Provided material section start

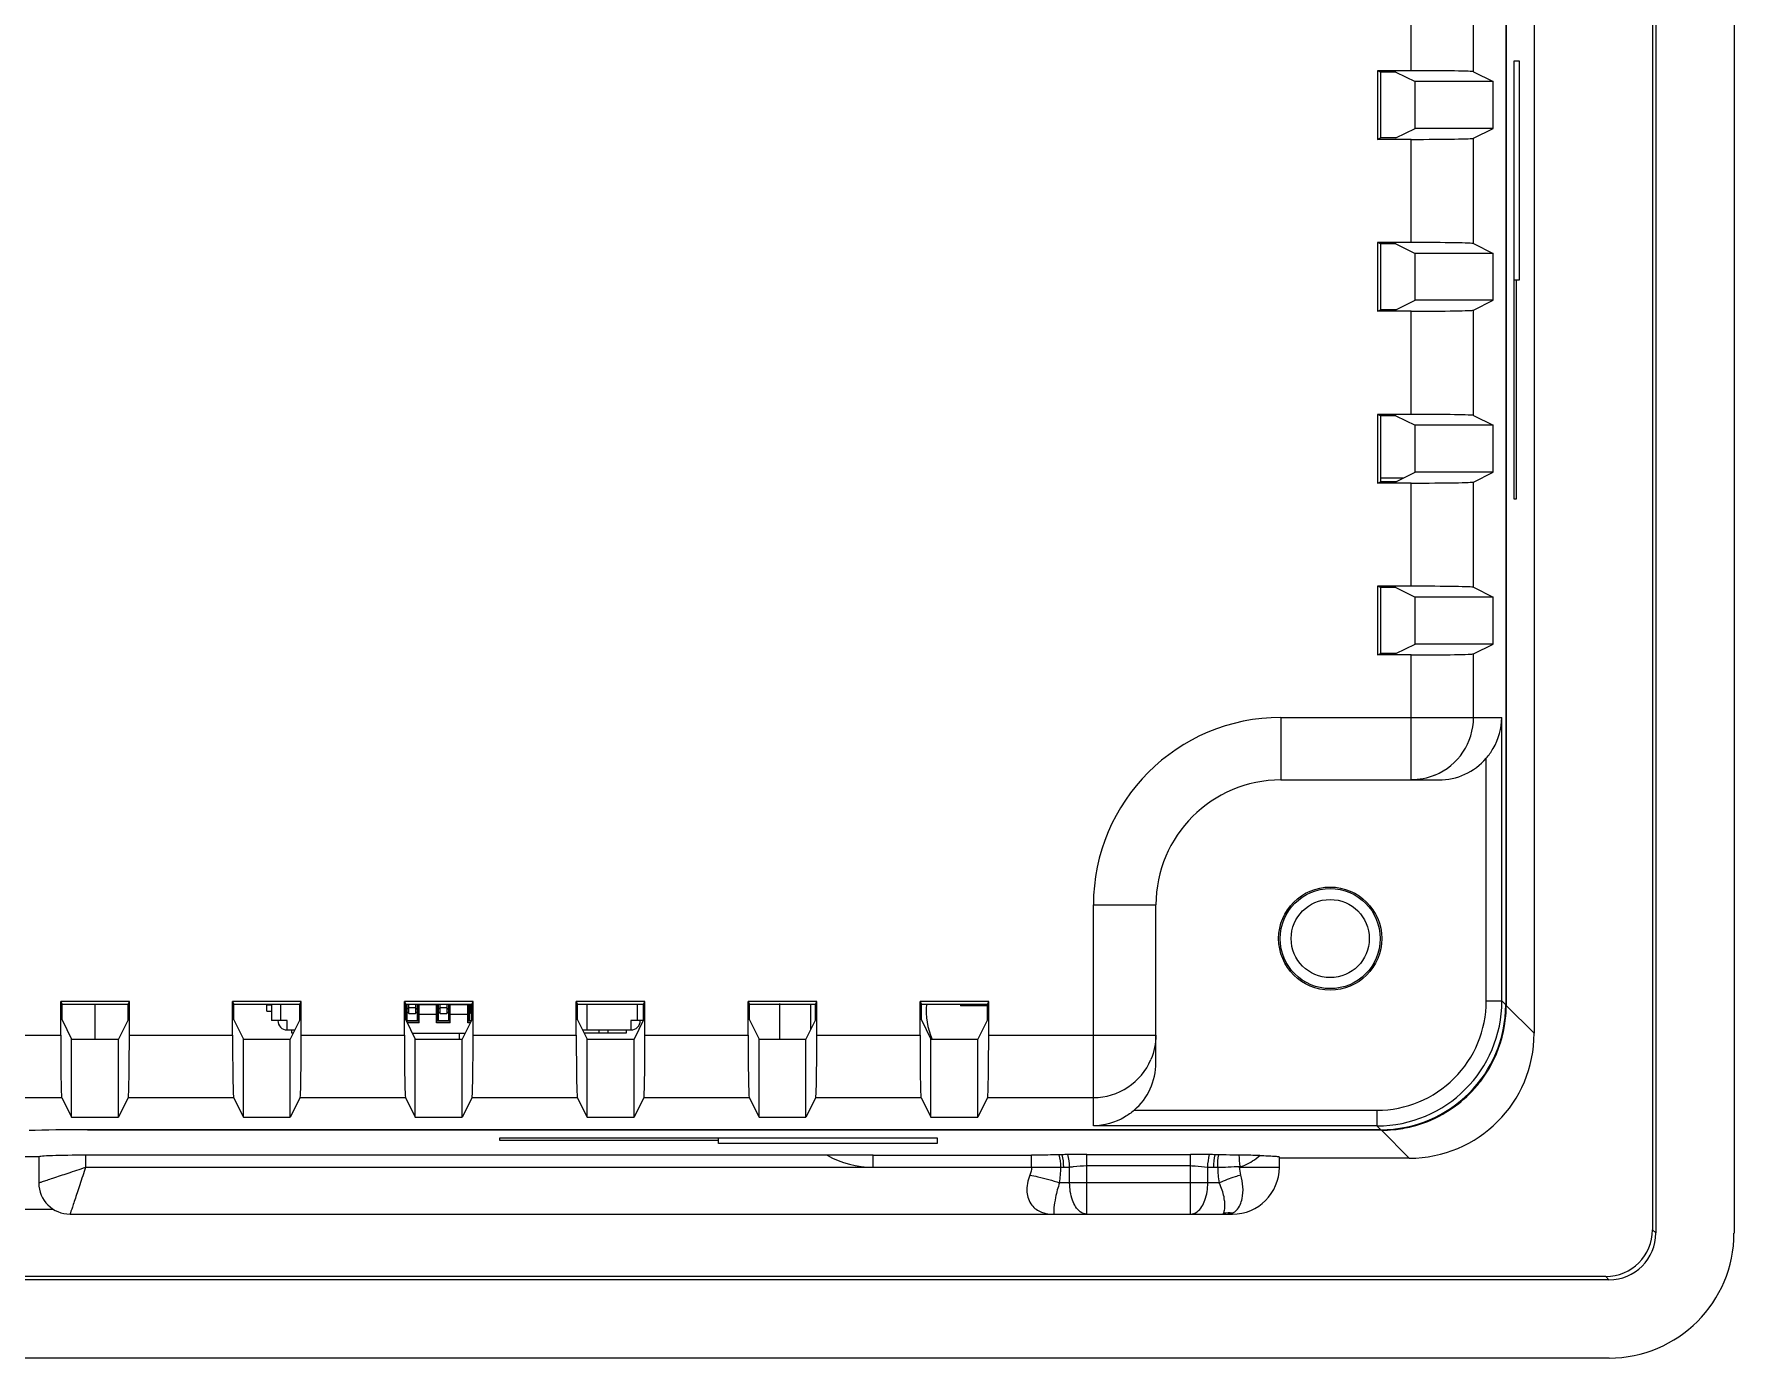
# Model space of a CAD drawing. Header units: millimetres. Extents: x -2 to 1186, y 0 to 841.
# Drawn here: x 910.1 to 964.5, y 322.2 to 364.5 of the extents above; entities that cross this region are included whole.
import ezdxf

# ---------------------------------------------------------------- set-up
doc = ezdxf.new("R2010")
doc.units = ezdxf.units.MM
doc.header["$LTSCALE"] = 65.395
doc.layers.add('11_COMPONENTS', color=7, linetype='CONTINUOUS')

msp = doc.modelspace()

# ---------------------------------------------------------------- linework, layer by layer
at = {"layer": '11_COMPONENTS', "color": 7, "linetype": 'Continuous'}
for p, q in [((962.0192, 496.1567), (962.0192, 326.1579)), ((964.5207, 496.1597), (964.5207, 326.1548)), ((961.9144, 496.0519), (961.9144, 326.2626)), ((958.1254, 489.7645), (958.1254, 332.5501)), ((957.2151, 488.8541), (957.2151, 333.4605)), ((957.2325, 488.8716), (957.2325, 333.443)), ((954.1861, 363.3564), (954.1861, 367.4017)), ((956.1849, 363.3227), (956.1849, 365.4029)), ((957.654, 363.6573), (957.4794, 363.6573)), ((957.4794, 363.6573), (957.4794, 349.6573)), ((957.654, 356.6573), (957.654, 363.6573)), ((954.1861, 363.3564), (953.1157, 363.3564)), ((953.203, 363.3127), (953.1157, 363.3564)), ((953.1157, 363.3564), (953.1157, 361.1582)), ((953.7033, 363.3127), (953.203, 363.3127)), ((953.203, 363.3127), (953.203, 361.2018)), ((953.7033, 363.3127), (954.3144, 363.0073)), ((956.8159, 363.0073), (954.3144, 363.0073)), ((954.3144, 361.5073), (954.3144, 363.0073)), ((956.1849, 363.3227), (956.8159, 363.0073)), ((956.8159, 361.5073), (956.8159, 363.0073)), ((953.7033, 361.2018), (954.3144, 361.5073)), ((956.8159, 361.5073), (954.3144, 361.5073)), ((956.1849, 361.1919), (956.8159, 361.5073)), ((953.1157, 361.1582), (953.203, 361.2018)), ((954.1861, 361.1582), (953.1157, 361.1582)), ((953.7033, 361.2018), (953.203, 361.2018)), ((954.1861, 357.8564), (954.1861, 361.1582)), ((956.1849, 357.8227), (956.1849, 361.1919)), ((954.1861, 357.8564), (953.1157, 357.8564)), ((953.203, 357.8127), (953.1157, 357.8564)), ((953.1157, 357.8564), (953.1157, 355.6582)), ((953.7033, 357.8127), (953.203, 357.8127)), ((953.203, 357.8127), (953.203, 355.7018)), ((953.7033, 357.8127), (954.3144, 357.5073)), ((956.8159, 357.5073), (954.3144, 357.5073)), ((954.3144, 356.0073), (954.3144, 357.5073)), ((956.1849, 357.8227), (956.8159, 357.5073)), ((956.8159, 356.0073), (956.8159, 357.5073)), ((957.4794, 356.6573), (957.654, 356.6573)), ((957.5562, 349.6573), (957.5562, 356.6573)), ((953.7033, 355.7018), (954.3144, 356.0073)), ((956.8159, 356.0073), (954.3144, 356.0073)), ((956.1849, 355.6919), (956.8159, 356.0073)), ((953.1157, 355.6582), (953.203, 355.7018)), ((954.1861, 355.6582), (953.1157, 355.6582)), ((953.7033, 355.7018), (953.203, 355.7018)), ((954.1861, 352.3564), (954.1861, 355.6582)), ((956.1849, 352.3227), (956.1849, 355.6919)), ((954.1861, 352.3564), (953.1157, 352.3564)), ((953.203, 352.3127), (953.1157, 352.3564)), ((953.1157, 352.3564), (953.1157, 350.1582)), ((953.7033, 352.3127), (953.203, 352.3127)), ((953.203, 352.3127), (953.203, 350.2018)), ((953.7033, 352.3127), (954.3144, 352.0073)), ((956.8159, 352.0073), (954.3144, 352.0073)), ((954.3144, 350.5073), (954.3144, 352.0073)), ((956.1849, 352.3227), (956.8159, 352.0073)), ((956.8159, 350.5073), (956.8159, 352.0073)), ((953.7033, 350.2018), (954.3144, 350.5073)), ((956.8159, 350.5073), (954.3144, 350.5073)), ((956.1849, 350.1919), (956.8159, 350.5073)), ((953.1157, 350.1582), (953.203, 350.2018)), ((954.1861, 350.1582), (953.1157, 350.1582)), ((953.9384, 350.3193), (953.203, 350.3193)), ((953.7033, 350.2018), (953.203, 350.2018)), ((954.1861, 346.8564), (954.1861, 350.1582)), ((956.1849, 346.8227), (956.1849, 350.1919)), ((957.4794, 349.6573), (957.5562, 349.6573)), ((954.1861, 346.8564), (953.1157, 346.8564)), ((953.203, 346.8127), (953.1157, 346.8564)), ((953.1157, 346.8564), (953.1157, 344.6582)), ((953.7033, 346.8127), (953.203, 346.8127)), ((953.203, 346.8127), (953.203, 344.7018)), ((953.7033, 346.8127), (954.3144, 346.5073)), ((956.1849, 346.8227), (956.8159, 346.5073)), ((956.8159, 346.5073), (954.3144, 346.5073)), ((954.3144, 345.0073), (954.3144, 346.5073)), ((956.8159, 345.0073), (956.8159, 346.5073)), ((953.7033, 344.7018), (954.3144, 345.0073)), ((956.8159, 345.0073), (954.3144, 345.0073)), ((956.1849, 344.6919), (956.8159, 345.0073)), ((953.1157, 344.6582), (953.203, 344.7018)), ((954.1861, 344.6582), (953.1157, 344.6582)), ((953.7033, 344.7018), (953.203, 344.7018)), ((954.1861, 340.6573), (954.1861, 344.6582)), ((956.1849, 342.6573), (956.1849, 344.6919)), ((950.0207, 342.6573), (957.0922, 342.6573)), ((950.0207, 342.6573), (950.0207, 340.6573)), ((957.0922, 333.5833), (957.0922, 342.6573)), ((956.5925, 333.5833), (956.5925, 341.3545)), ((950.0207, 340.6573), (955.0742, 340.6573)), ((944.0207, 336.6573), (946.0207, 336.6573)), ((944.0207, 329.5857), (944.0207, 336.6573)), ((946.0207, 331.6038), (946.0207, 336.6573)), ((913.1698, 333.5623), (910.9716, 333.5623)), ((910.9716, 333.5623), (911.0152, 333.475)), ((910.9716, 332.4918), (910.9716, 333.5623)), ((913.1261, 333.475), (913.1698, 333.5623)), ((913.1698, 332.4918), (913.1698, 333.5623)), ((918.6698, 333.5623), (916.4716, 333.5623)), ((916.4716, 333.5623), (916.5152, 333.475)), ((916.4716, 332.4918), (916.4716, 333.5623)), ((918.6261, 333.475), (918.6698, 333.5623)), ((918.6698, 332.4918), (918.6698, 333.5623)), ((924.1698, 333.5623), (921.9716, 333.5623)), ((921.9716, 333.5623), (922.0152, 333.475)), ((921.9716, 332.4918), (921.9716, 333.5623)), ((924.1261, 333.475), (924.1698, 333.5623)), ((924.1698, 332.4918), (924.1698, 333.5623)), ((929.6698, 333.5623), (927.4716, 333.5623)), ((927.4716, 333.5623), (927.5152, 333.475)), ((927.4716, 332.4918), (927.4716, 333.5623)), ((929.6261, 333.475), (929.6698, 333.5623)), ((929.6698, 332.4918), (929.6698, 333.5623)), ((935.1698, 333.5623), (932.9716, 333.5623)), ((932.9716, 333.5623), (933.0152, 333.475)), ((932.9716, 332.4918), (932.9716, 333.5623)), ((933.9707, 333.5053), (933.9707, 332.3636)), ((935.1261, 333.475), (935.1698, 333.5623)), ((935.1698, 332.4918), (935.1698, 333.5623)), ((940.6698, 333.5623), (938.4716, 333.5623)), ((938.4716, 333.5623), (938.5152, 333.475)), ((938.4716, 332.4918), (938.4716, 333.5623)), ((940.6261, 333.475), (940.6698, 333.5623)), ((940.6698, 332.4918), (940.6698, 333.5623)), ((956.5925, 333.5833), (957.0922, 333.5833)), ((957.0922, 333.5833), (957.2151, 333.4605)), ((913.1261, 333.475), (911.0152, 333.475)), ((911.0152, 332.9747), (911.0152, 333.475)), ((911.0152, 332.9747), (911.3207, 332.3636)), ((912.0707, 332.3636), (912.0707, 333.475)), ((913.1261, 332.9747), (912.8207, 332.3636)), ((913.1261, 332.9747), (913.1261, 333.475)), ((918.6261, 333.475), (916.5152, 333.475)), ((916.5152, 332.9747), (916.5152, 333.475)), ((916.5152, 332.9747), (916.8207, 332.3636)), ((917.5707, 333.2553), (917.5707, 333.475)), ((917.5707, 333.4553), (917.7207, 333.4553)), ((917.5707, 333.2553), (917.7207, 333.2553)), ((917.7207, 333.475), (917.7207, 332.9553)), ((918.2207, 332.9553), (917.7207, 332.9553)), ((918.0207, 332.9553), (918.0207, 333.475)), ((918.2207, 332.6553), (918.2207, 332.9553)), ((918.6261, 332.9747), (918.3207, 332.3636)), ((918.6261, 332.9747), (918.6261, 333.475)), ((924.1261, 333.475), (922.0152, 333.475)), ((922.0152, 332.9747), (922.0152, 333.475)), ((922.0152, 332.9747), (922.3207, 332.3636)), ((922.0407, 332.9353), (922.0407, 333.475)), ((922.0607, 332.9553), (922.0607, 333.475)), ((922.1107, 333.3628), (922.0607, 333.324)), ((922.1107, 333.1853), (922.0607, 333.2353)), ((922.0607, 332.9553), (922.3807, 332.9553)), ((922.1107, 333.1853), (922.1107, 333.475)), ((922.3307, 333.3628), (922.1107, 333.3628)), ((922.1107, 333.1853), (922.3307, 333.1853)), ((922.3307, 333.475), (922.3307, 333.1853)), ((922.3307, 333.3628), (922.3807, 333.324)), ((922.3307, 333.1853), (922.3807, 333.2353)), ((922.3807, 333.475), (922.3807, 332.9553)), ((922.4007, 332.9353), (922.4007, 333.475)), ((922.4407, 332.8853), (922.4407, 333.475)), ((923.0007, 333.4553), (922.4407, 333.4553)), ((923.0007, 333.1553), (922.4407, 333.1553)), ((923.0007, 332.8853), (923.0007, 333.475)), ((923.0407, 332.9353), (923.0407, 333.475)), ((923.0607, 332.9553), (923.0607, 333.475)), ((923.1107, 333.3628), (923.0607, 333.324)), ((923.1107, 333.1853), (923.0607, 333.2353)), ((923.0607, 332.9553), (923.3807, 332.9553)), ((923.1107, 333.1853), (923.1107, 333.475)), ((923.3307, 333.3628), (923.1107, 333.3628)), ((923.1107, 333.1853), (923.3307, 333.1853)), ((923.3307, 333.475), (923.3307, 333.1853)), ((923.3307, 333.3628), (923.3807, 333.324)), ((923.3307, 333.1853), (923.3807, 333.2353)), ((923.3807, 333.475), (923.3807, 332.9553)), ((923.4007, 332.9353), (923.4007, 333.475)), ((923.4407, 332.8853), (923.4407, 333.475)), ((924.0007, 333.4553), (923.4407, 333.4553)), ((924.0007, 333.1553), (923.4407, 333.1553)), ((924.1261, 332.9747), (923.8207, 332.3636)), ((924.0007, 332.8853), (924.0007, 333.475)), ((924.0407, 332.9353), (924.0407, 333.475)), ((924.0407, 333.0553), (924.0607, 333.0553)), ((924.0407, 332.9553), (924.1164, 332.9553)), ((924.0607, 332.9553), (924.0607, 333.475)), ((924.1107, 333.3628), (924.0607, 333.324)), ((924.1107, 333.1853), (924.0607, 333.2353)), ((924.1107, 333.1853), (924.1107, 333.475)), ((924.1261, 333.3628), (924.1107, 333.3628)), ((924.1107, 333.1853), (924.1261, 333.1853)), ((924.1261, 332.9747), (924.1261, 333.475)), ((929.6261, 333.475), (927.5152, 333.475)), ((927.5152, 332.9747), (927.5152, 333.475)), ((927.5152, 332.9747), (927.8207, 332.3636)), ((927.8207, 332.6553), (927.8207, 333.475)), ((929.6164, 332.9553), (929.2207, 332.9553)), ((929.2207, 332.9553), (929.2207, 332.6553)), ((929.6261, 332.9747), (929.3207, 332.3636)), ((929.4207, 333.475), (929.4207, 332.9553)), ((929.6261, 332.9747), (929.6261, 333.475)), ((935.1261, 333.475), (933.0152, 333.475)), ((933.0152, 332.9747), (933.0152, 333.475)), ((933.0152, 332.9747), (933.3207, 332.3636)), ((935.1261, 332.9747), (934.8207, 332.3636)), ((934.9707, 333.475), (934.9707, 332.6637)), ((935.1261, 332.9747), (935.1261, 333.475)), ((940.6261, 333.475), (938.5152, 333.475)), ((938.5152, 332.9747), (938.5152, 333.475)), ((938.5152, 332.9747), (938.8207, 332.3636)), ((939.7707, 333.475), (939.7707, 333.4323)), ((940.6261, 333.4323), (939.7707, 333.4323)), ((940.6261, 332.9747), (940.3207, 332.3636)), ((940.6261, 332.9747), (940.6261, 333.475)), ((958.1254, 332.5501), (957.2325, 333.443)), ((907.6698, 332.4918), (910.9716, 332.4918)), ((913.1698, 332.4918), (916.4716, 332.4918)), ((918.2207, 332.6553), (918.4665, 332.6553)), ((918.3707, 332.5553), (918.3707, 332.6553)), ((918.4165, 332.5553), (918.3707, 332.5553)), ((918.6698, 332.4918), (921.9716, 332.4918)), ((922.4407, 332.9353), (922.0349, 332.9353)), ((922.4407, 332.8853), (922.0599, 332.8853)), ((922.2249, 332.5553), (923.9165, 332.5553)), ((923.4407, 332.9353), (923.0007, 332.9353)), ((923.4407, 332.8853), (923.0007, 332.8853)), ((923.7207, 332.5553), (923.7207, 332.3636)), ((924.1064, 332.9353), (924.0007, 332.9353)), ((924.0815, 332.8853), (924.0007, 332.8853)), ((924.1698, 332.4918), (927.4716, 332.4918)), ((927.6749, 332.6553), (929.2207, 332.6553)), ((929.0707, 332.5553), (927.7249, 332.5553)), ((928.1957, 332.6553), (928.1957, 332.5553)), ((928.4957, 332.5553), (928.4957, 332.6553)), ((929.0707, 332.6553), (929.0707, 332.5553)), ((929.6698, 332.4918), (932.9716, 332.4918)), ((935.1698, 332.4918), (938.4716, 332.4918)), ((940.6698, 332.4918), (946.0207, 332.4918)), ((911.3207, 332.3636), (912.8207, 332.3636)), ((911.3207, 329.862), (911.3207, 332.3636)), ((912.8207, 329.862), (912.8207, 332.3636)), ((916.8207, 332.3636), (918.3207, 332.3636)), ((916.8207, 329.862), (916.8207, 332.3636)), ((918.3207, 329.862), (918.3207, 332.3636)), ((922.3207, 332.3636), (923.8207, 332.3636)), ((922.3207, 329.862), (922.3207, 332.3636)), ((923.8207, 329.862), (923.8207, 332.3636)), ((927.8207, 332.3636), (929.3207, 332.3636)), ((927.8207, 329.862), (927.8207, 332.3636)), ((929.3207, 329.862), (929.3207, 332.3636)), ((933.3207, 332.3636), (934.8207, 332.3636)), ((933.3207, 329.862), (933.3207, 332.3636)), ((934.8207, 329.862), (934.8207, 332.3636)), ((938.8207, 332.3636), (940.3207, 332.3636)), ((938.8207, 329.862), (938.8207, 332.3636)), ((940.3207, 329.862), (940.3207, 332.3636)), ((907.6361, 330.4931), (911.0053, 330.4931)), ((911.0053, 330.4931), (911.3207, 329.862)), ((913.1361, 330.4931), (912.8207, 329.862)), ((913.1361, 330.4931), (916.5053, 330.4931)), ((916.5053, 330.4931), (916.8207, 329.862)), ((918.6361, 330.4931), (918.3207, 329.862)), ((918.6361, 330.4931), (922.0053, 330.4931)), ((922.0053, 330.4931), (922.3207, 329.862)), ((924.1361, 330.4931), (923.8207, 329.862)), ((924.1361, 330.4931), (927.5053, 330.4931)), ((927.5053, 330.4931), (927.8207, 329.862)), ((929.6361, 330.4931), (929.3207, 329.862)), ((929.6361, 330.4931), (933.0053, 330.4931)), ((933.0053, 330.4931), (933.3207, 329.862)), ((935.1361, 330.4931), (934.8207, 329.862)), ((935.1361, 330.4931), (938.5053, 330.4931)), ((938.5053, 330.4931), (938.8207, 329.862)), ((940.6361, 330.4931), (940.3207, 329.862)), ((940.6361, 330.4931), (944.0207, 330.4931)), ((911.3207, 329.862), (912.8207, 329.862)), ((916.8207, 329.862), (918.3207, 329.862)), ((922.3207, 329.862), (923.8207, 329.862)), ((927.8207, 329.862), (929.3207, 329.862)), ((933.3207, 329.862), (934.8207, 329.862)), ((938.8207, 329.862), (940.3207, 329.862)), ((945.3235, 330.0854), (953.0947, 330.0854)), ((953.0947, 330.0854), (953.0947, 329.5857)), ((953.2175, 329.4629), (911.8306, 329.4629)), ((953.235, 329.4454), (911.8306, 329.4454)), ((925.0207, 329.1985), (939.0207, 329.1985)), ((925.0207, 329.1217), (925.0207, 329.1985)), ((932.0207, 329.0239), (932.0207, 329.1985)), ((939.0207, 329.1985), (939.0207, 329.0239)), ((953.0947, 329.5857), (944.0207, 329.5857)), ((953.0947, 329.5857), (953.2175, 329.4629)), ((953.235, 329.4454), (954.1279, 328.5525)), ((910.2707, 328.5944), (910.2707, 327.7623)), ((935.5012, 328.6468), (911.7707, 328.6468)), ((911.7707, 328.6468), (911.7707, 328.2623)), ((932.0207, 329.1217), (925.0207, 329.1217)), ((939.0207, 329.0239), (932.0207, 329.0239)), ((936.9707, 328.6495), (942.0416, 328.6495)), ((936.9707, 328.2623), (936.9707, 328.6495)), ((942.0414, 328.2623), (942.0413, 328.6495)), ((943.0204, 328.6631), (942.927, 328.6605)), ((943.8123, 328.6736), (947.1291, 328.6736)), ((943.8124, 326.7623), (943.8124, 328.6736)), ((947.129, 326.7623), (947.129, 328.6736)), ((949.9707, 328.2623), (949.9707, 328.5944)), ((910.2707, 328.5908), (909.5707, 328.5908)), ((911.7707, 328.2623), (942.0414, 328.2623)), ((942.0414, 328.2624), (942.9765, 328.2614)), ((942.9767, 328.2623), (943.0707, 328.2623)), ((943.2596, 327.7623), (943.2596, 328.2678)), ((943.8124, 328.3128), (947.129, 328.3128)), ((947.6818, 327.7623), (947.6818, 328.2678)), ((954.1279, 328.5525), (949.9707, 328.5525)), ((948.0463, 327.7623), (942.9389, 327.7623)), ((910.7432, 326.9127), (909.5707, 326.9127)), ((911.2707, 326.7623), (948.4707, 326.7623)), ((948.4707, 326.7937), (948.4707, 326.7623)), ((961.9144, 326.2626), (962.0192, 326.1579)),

Provided material section end

# What you have to do:
Copy out all lines above holding "units".

# Exercise answer:
# Model space of a CAD drawing. Header units: millimetres. Extents: x -2 to 1186, y 0 to 841.
doc.units = ezdxf.units.MM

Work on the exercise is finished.